Quando chia a panela

Daqui do meu quarto eu posso ouvir a panela chiar. Aí não demora muito pra uma canção-chorada ecoar triste aqui em mim. Vem batendo parede-em-parede e desagua seca nos meus ouvidos.

Quando eu era menor, conseguia fingir que não me importava, brincava com barquinhos de papel que navegavam nas lágrimas da minha mãe. Era mais divertido do que brincar na banheira porque água de lágrima é salgada.

Eu tento trancar a porta do meu quarto, mas não adianta, alguém deu a chave para a panela, e ela entra, e entra o choro, e entra a tristeza, e entra-e-fica, e as vezes só o que não entra é a canção, mas o resto entra, e entra-e-fica. Quando é assim, eu rezo pra Santo Expedito (a minha causa pode não ser justa, mas tenho urgência), rezo pra ele me salvar, rezo pra ele tirar tudo que tem na minha cabeça, tudo-tudo, até o que tem de bom, mas quando eu abro o olho, depois da reza, eu vejo que não fui salvo, e que a panela ainda ta aqui, a panela eu não vejo, mas sei que ela ainda ta aqui.

O que me consola é que a panela bate-e-bate, mas nunca me mata.

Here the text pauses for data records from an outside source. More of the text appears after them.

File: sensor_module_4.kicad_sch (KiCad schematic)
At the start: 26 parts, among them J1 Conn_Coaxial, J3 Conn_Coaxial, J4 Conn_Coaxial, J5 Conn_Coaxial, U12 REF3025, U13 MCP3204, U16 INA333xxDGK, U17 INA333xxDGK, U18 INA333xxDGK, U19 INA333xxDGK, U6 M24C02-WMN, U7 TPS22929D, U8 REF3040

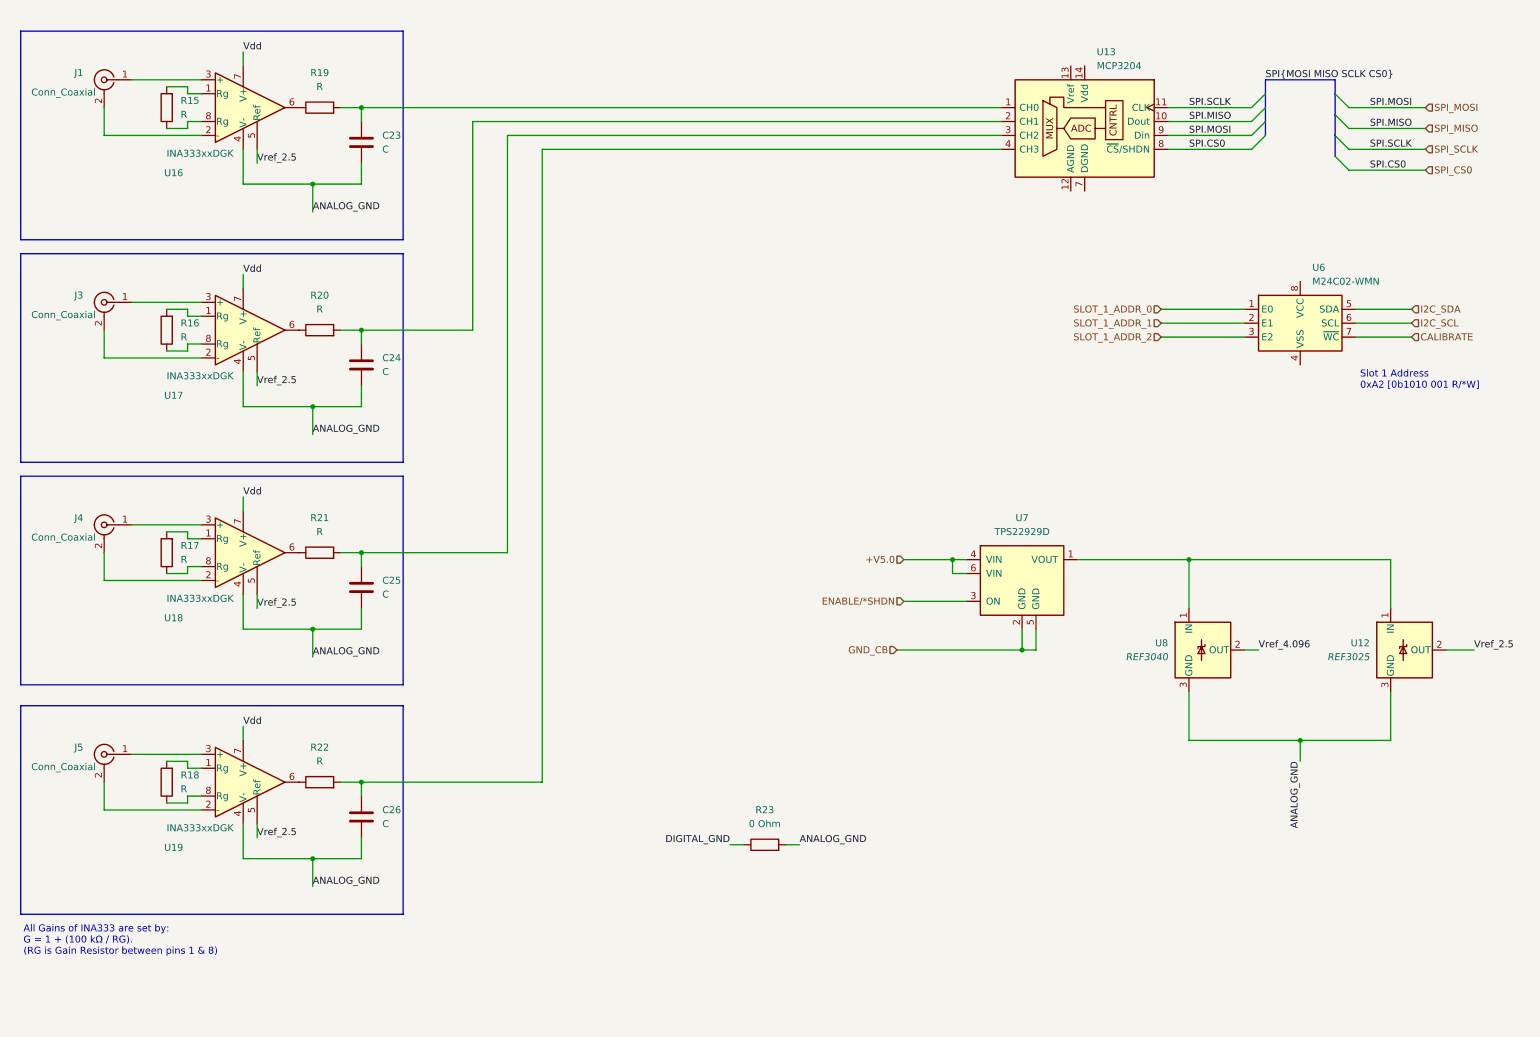
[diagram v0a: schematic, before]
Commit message: Split the sensor modules into a 4 and 8 port version. Fleshed out the power module a bit more. Started adding sensor board connectors to the root schematic and started pulling out sensor boards to their own, separate module. Began wiring up the root schematic to get my bearings a bit.
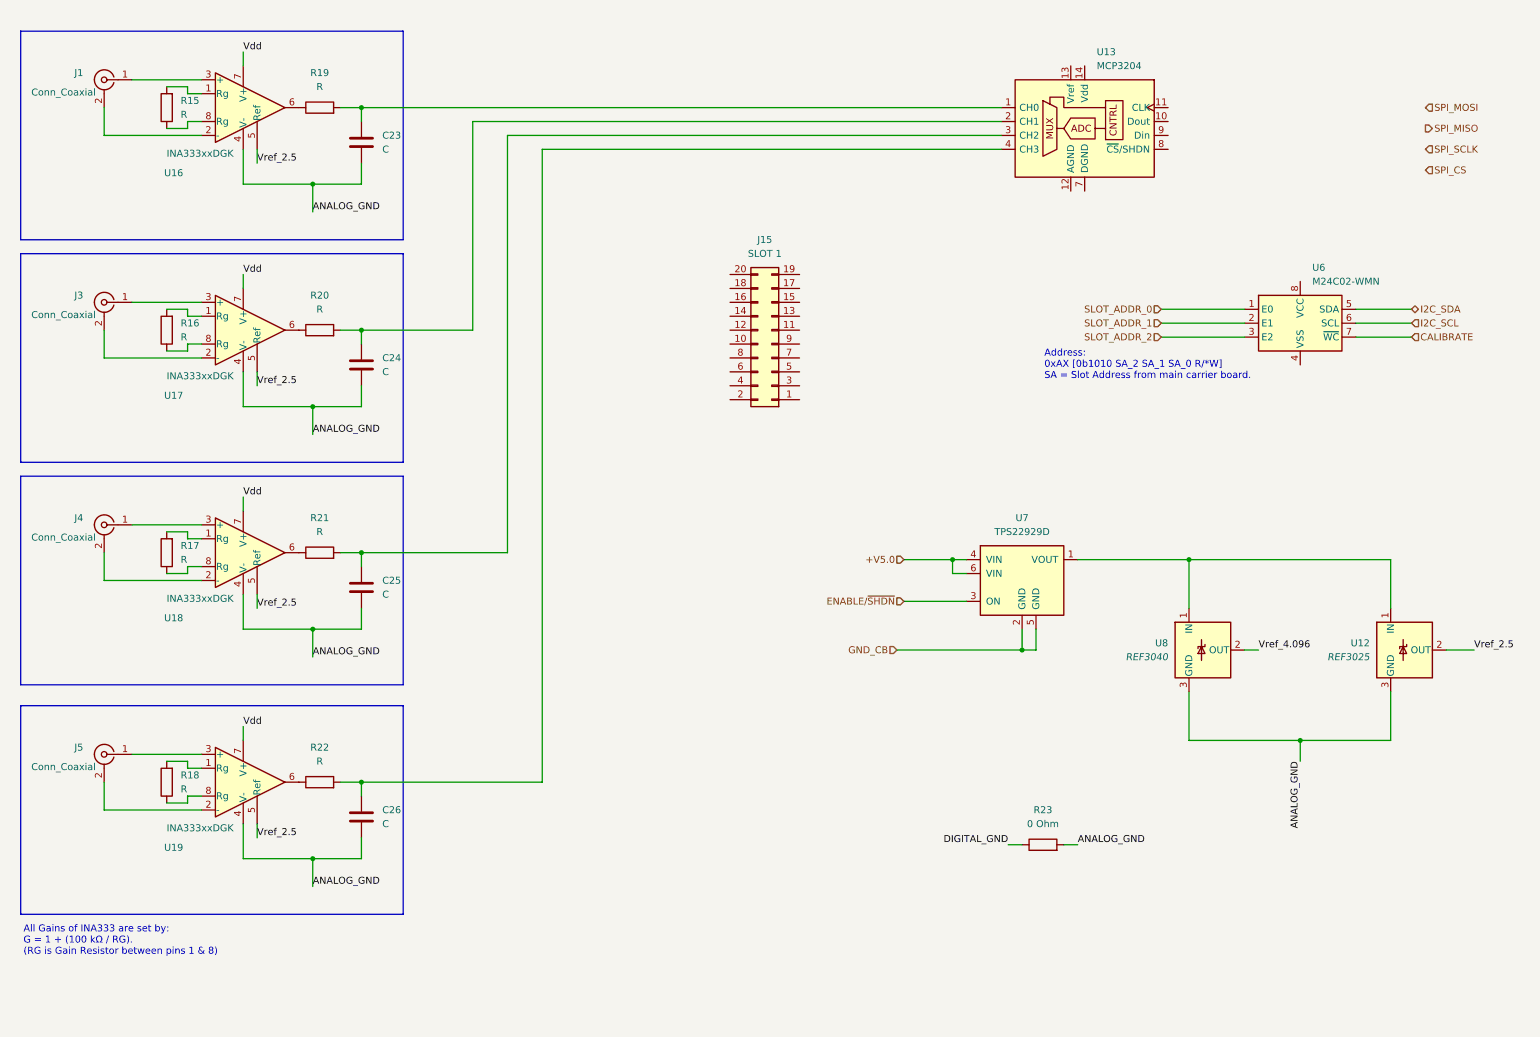
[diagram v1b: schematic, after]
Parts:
- added J15: SLOT 1, symbol Connector_Generic:Conn_02x10_Odd_Even
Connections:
- net SPI_MISO: no longer U13.10 (Dout)
- net SPI_MOSI: no longer U13.9 (Din)
- net SPI_SCLK: no longer U13.11 (CLK)
- net ENABLE/*SHDN renamed ENABLE/~{SHDN}
- net SLOT_1_ADDR_0 renamed SLOT_ADDR_0
- net SLOT_1_ADDR_1 renamed SLOT_ADDR_1
- net SLOT_1_ADDR_2 renamed SLOT_ADDR_2
- net SPI_CS0: no longer names the net of U13.8 (~{CS}/SHDN)
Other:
- note added: "Address: 0xAX [0b1010 SA_2 SA_1 SA_0 R/*W] SA = Slot Address from main carrier board."
- note removed: "Slot 1 Address 0xA2 [0b1010 001 R/*W]"
- moved on the sheet: R23

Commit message: Removed hierarchical labels on the sensor board (4 slot) in favour of local labels and connectors. The idea was that the sensor boards are plug-ins so having them defined as separate boards makes more sense. Eventually I think we'll pull them out of the main schematic and design each one separately with the common connector pinout.
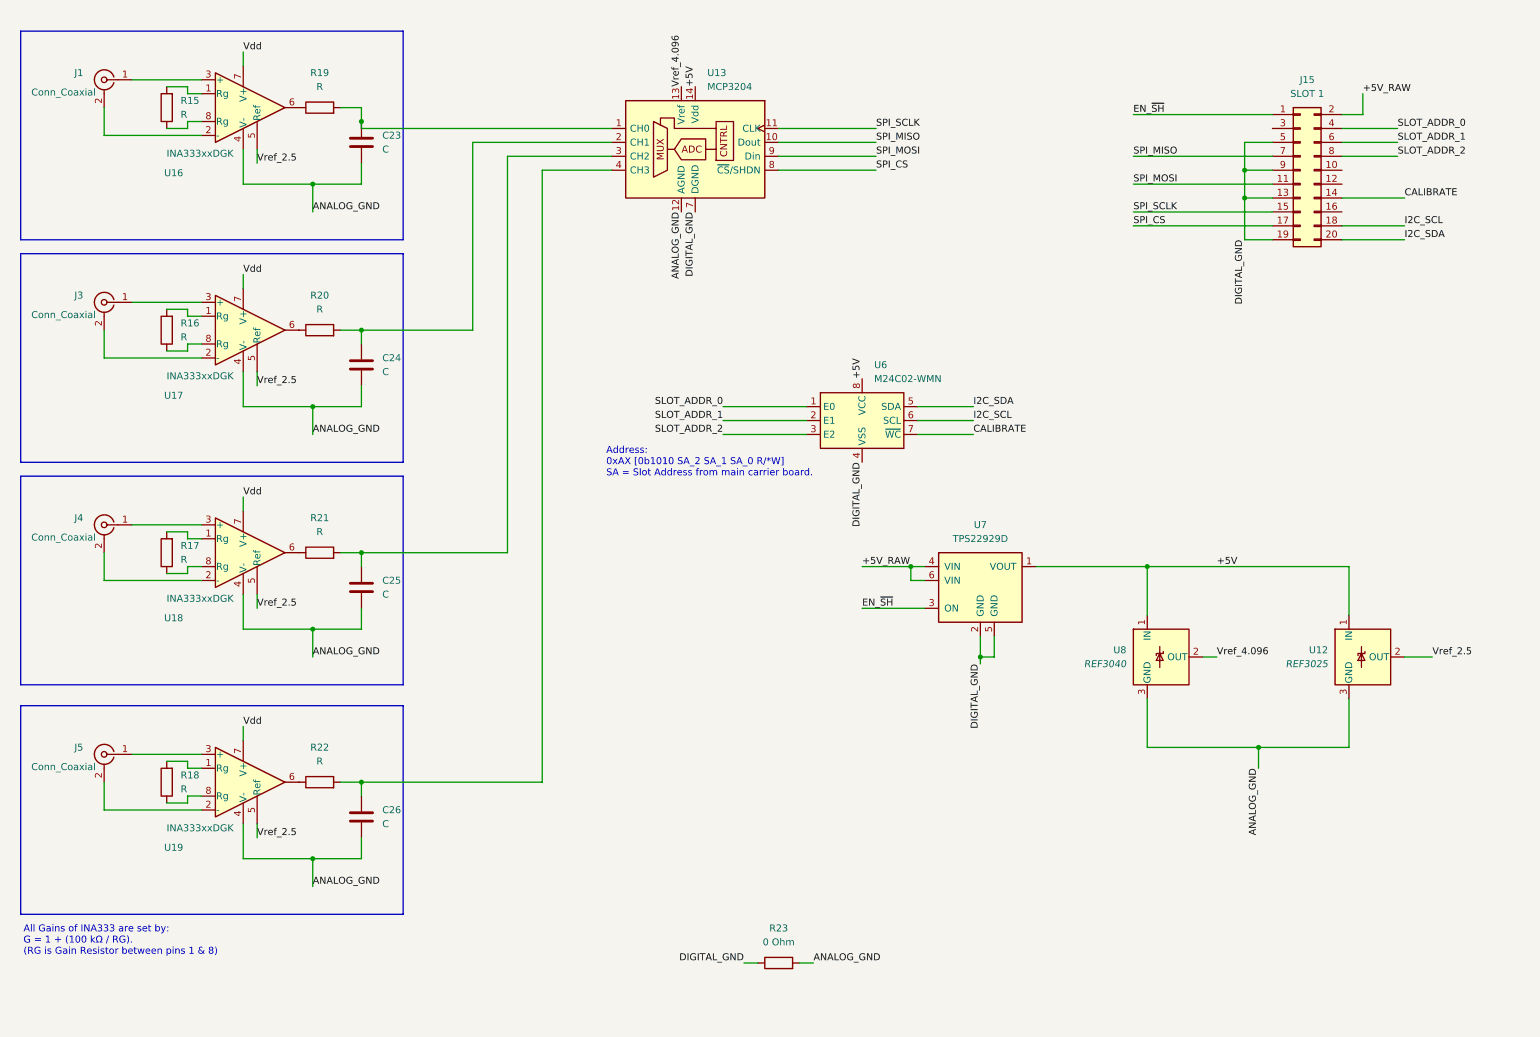
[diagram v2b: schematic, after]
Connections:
- net +V5.0 is gone; now on net +5V_RAW: U7.4 (VIN), U7.6 (VIN)
- net ENABLE/~{SHDN} is gone; now on net EN_~{SH}: U7.3 (ON)
- net GND_CB is gone; now on net DIGITAL_GND: U7.2 (GND), U7.5 (GND)
- net ANALOG_GND: now also U13.12 (AGND)
- net CALIBRATE: now also J15.14 (Pin_14)
- net DIGITAL_GND: now also J15.13 (Pin_13), J15.19 (Pin_19), J15.5 (Pin_5), J15.9 (Pin_9), U13.7 (DGND), U6.4 (VSS)
- net I2C_SCL: now also J15.18 (Pin_18)
- net I2C_SDA: now also J15.20 (Pin_20)
- net SLOT_ADDR_0: now also J15.4 (Pin_4)
- net SLOT_ADDR_1: now also J15.6 (Pin_6)
- net SLOT_ADDR_2: now also J15.8 (Pin_8)
- net SPI_CS: now also J15.17 (Pin_17), U13.8 (~{CS}/SHDN)
- net SPI_MISO: now also J15.7 (Pin_7), U13.10 (Dout)
- net SPI_MOSI: now also J15.11 (Pin_11), U13.9 (Din)
- net SPI_SCLK: now also J15.15 (Pin_15), U13.11 (CLK)
- net Vref_4.096: now also U13.13 (Vref)
- net +5V: now reaches U12.1 (IN), U7.1 (VOUT), U8.1 (IN)
- net +5V: now also U13.14 (Vdd), U6.8 (VCC)
- net EN_~{SH}: now reaches J15.1 (Pin_1)
- net +5V_RAW: now reaches J15.2 (Pin_2)
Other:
- moved on the sheet: J15, R23, U12, U13, U6, U7, U8

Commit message: Cleaned up some signal lines in the sensor board. Shuffled the decoupling caps around a bit as well as rearranged the EEPROM and power supply for clarity. Added buffered 2.5V offset to the pH and ORP circuits. Swapped one TBD input on the base sensor and sensor_4 boards for an ADC calibration input.
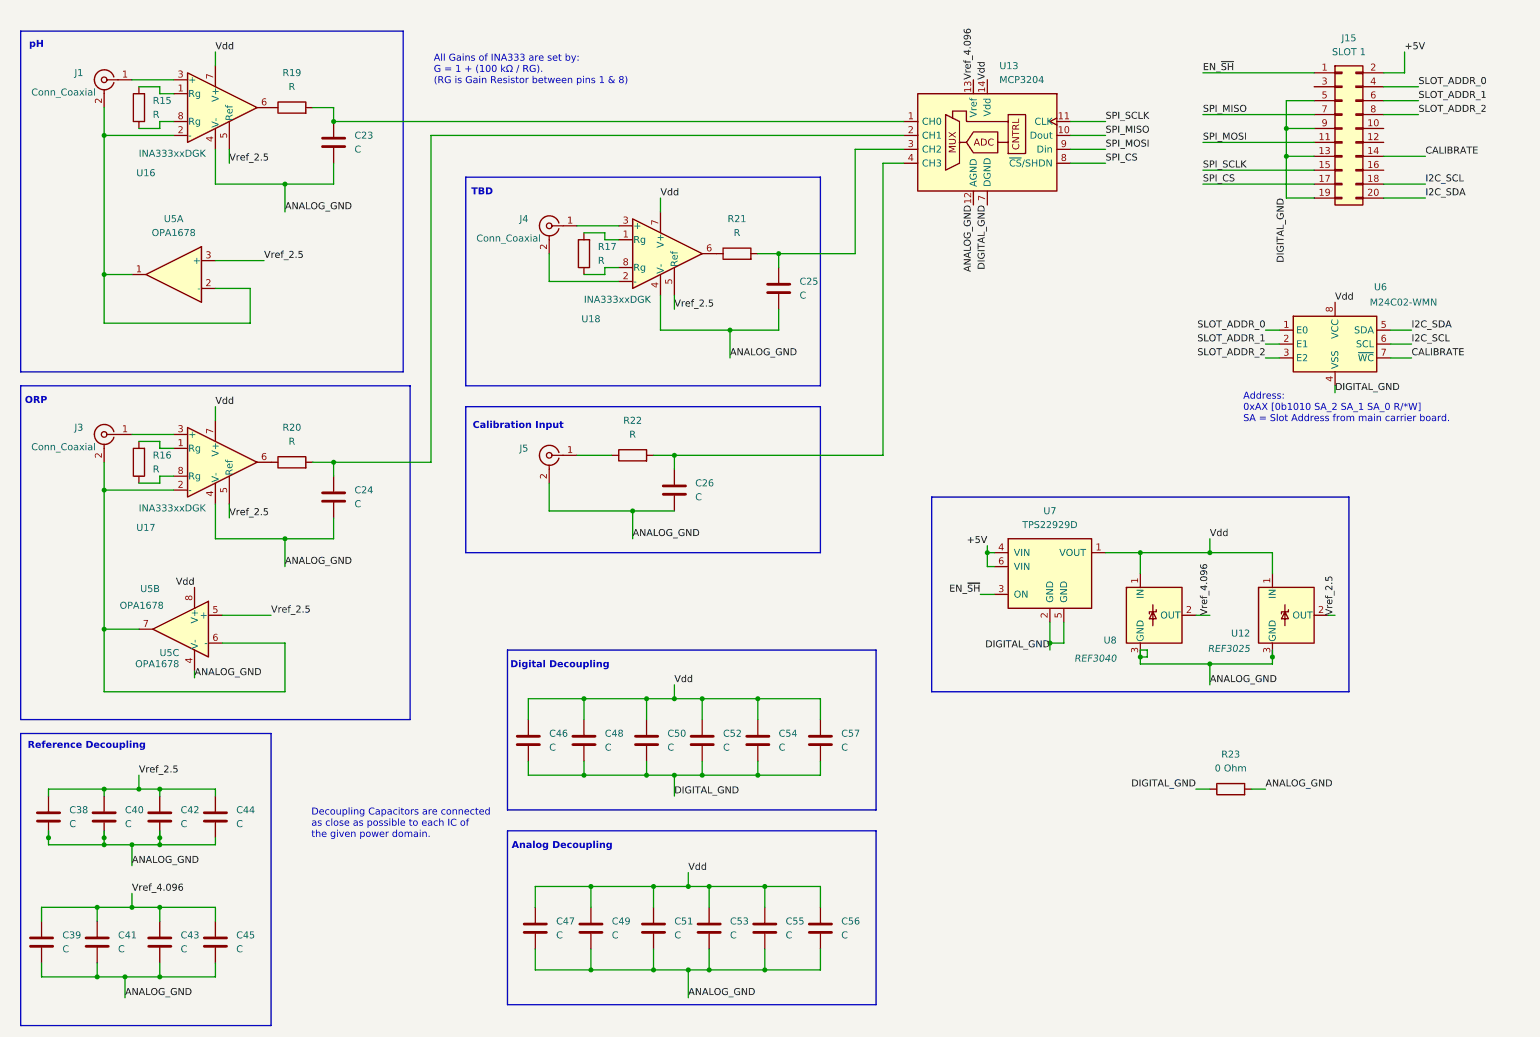
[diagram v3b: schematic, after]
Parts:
- removed R18: R, symbol Device:R
- removed U19: INA333xxDGK, Package_SO:VSSOP-8_3x3mm_P0.65mm, symbol Amplifier_Instrumentation:INA333xxDGK
- added C38, C39, C40, C41, C42, C43, C44, C45, C46, C47, C48, C49, C50, C51, C52, C53, C54, C55, C56, C57: C, symbol Device:C
- added U5: OPA1678, symbol Amplifier_Operational:OPA1678
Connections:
- net +5V_RAW is gone; now on net +5V: J15.2 (Pin_2), U7.4 (VIN), U7.6 (VIN)
- net +5V: no longer U12.1 (IN), U13.14 (Vdd), U6.8 (VCC), U7.1 (VOUT), U8.1 (IN)
- net ANALOG_GND: now also J5.2 (Ext), C38.2, C39.2, C40.2, C41.2, C42.2, C43.2, C44.2, C45.2, C47.2, C49.2, C51.2, C53.2, C55.2, C56.2, U5.4 (V-)
- net DIGITAL_GND: now also C46.2, C48.2, C50.2, C52.2, C54.2, C57.2
- net Vdd: now also U12.1 (IN), U13.14 (Vdd), U6.8 (VCC), U7.1 (VOUT), U8.1 (IN), C46.1, C47.1, C48.1, C49.1, C50.1, C51.1, C52.1, C53.1, C54.1, C55.1, C56.1, C57.1, U5.8 (V+)
- net Vref_2.5: now also C38.1, C40.1, C42.1, C44.1, U5.3 (+), U5.5 (+)
- net Vref_4.096: now also C39.1, C41.1, C43.1, C45.1
- net at J5.1 (In): now also R22.1
- net at J1.2 (Ext), U16.2 (-): now also U5.1, U5.2 (-)
- net at J3.2 (Ext), U17.2 (-): now also U5.6 (-), U5.7
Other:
- note added: "Analog Decoupling"
- note added: "Calibration Input"
- note added: "Decoupling Capacitors are connected as close as possible to each IC of the given power domain."
- note added: "Digital Decoupling"
- note added: "ORP"
- note added: "Reference Decoupling"
- note added: "TBD"
- note added: "pH"
- moved on the sheet: C23, C24, C25, C26, J15, J3, J4, J5, R15, R16, R17, R19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

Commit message: Added some notes to otherwise blank pages. Added the full 8 sensor buffers to the 8 sensor analog board. Added a decoupling sub page to same. Changed a couple of sensor labels on base and 4 board just as placeholders
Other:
- note added: "Turbidity"
- note removed: "TBD"
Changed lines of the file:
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@@
 		)
 	)
-	(text "TBD"
+	(text "Turbidity"
 		(exclude_from_sim no)
 		(at 96.266 43.434 0)

Às vezes eu até gostaria que ela me matasse, mas ela não mata, tem hora certa pra parar, pára na hora da graça, e pára com precisão, meio-dia é a hora sagrada.

Quando a panela pára, e pára o choro, e pára a tristeza, aí a gente senta à mesa, eu dou um beijo em minha mãe e procuro não olhar pros olhos dela, vermelho é uma cor que sempre me deixa triste.

A gente senta ali e ela canta, mas canta sem o choro, sem a tristeza e sem a panela. E não precisa de mais nada, a gente só aproveita esse tempo sorrindo em terra-firme. Em terra-firme não tem panela, nem tristeza e nem choro, tem ela, eu e a canção, às vezes tem o almoço, mas quando não tem eu já nem me incomodo mais.